→ Requirement
Whenever the word "blind" occurs in a line of the material below, that line is counted. Report only the count.

━━━━━━━━━━━━━━━━━━━━

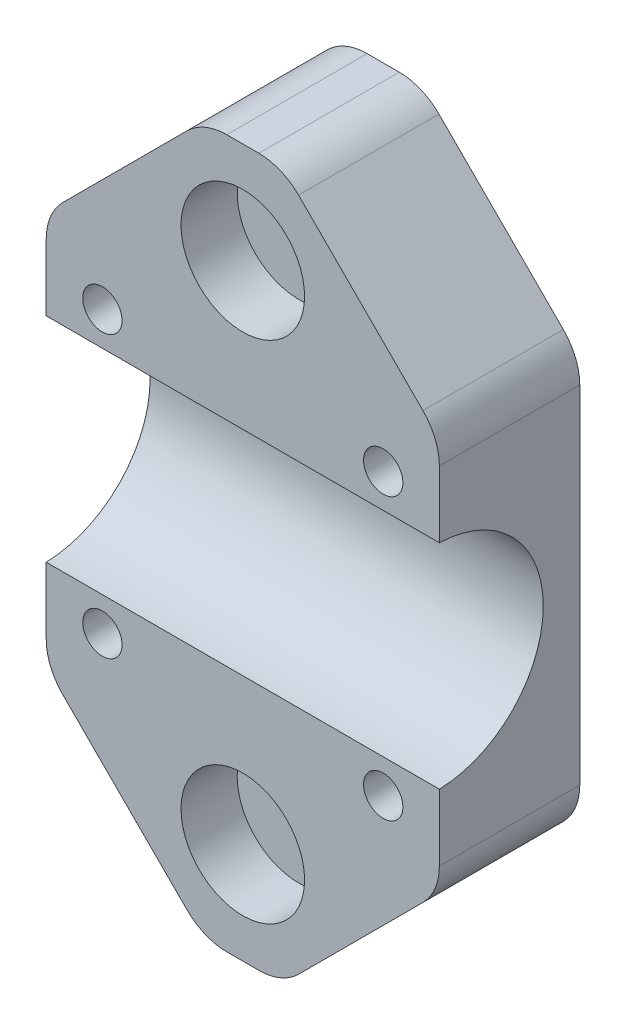
SolidWorks part; units mm, degrees
ref_plane "XY" through (0, 0, 0) normal (0, 0, 1) x (1, 0, 0)
ref_plane "XZ" through (0, 0, 0) normal (0, 1, 0) x (1, 0, 0)
ref_plane "YZ" through (0, 0, 0) normal (1, 0, 0) x (0, 0, -1)
sketch "Sketch1" plane through (0, 0, 0) normal (0, 0, 1) x (1, 0, 0)
  line L0 (-3.5, 31.5) -> (-17.5, 17.5)
  line L1 (17.5, 31.5) -> (3.5, 31.5) construction
  line L2 (17.5, 31.5) -> (17.5, 17.5) construction
  line L3 (17.5, -31.5) -> (3.5, -31.5) construction
  line L4 (-17.5, 31.5) -> (-17.5, 17.5) construction
  line L5 (17.5, 31.5) -> (-17.5, -31.5) construction
  line L6 (17.5, -31.5) -> (-17.5, 31.5) construction
  line L7 (0, 0) -> (0, 36.1303) construction
  line L8 (0, 0) -> (-42.5592, 0) construction
  line L9 (3.5, 31.5) -> (17.5, 17.5)
  line L10 (3.5, -31.5) -> (17.5, -17.5)
  line L11 (-3.5, -31.5) -> (-17.5, -17.5)
  line L12 (-17.5, 17.5) -> (-17.5, -17.5)
  line L13 (-17.5, -17.5) -> (-17.5, -31.5) construction
  line L14 (17.5, -17.5) -> (17.5, -31.5) construction
  line L15 (17.5, 17.5) -> (17.5, -17.5)
  line L16 (-3.5, 31.5) -> (-17.5, 31.5) construction
  line L17 (3.5, 31.5) -> (-3.5, 31.5)
  line L18 (-3.5, -31.5) -> (-17.5, -31.5) construction
  line L19 (3.5, -31.5) -> (-3.5, -31.5)
  point P0 (0, 0)
  dimension "D1" = 35
  dimension "D2" = 63
  dimension "D3" = 14
  dimension "D4" = 14
extrude "Boss-Extrude1" add sketch "Sketch1" along normal blind 12.5
sketch "Sketch2" plane through (17.5, 0, 0) normal (1, 0, 0) x (0, 0, -1)
  line L0 (-12.5, -17.5) -> (-12.5, 17.5) construction
  line L1 (-12.5, -9.4967) -> (-12.5, 9.4967)
  arc A0 (-12.5, -9.4967) -> (-12.5, 9.4967) centre (-12.75, 0) ccw
  dimension "D1" = 19
  dimension "D2" = 12.75
extrude "Cut-Extrude1" cut sketch "Sketch2" against normal up to next
sketch "Sketch3" plane through (0, 0, 0) normal (0, 0, -1) x (-1, 0, 0)
  line L0 (0, 0) -> (0, 20.4714) construction
  line L1 (0, 0) -> (-26.9924, 0) construction
  circle A0 centre (-12.5, 12.5) radius 3
  circle A1 centre (12.5, 12.5) radius 3
  circle A2 centre (12.5, -12.5) radius 3
  circle A3 centre (-12.5, -12.5) radius 3
  dimension "D1" = 6
  dimension "D2" = 12.5
  dimension "D3" = 12.5
extrude "Cut-Extrude2" cut sketch "Sketch3" against normal blind 3
sketch "Sketch4" plane through (0, 0, 12.5) normal (0, 0, 1) x (1, 0, 0)
  line L0 (-0.6363, 0) -> (39.3124, 0) construction
  circle A0 centre (0, 22.5) radius 5.5
  circle A1 centre (0, -22.5) radius 5.5
  dimension "D1" = 11
  dimension "D2" = 22.5
extrude "Cut-Extrude3" cut sketch "Sketch4" against normal blind 5
fillet "Fillet1" radius 5 8 edges at (-3.5, -31.5, 6.25) (3.5, -31.5, 6.25) (17.5, -17.5, 6.25) (17.5, 17.5, 6.25) (-17.5, -17.5, 6.25) (3.5, 31.5, 6.25) (-3.5, 31.5, 6.25) (-17.5, 17.5, 6.25)
sketch "Sketch5" plane through (0, 0, 12.5) normal (0, 0, 1) x (1, 0, 0)
  line L0 (0, 0) -> (0, 13.9425) construction
  line L1 (0, 0) -> (-26.6208, 0) construction
  circle A0 centre (-12.5, 12.5) radius 1.75
  circle A1 centre (12.5, 12.5) radius 1.75
  circle A2 centre (12.5, -12.5) radius 1.75
  circle A3 centre (-12.5, -12.5) radius 1.75
  dimension "D1" = 12.5
  dimension "D3" = 3.5
  dimension "D2" = 12.5
extrude "Cut-Extrude4" cut sketch "Sketch5" against normal blind 9.1

━━━━━━━━━━━━━━━━━━━━

→ Completed task
4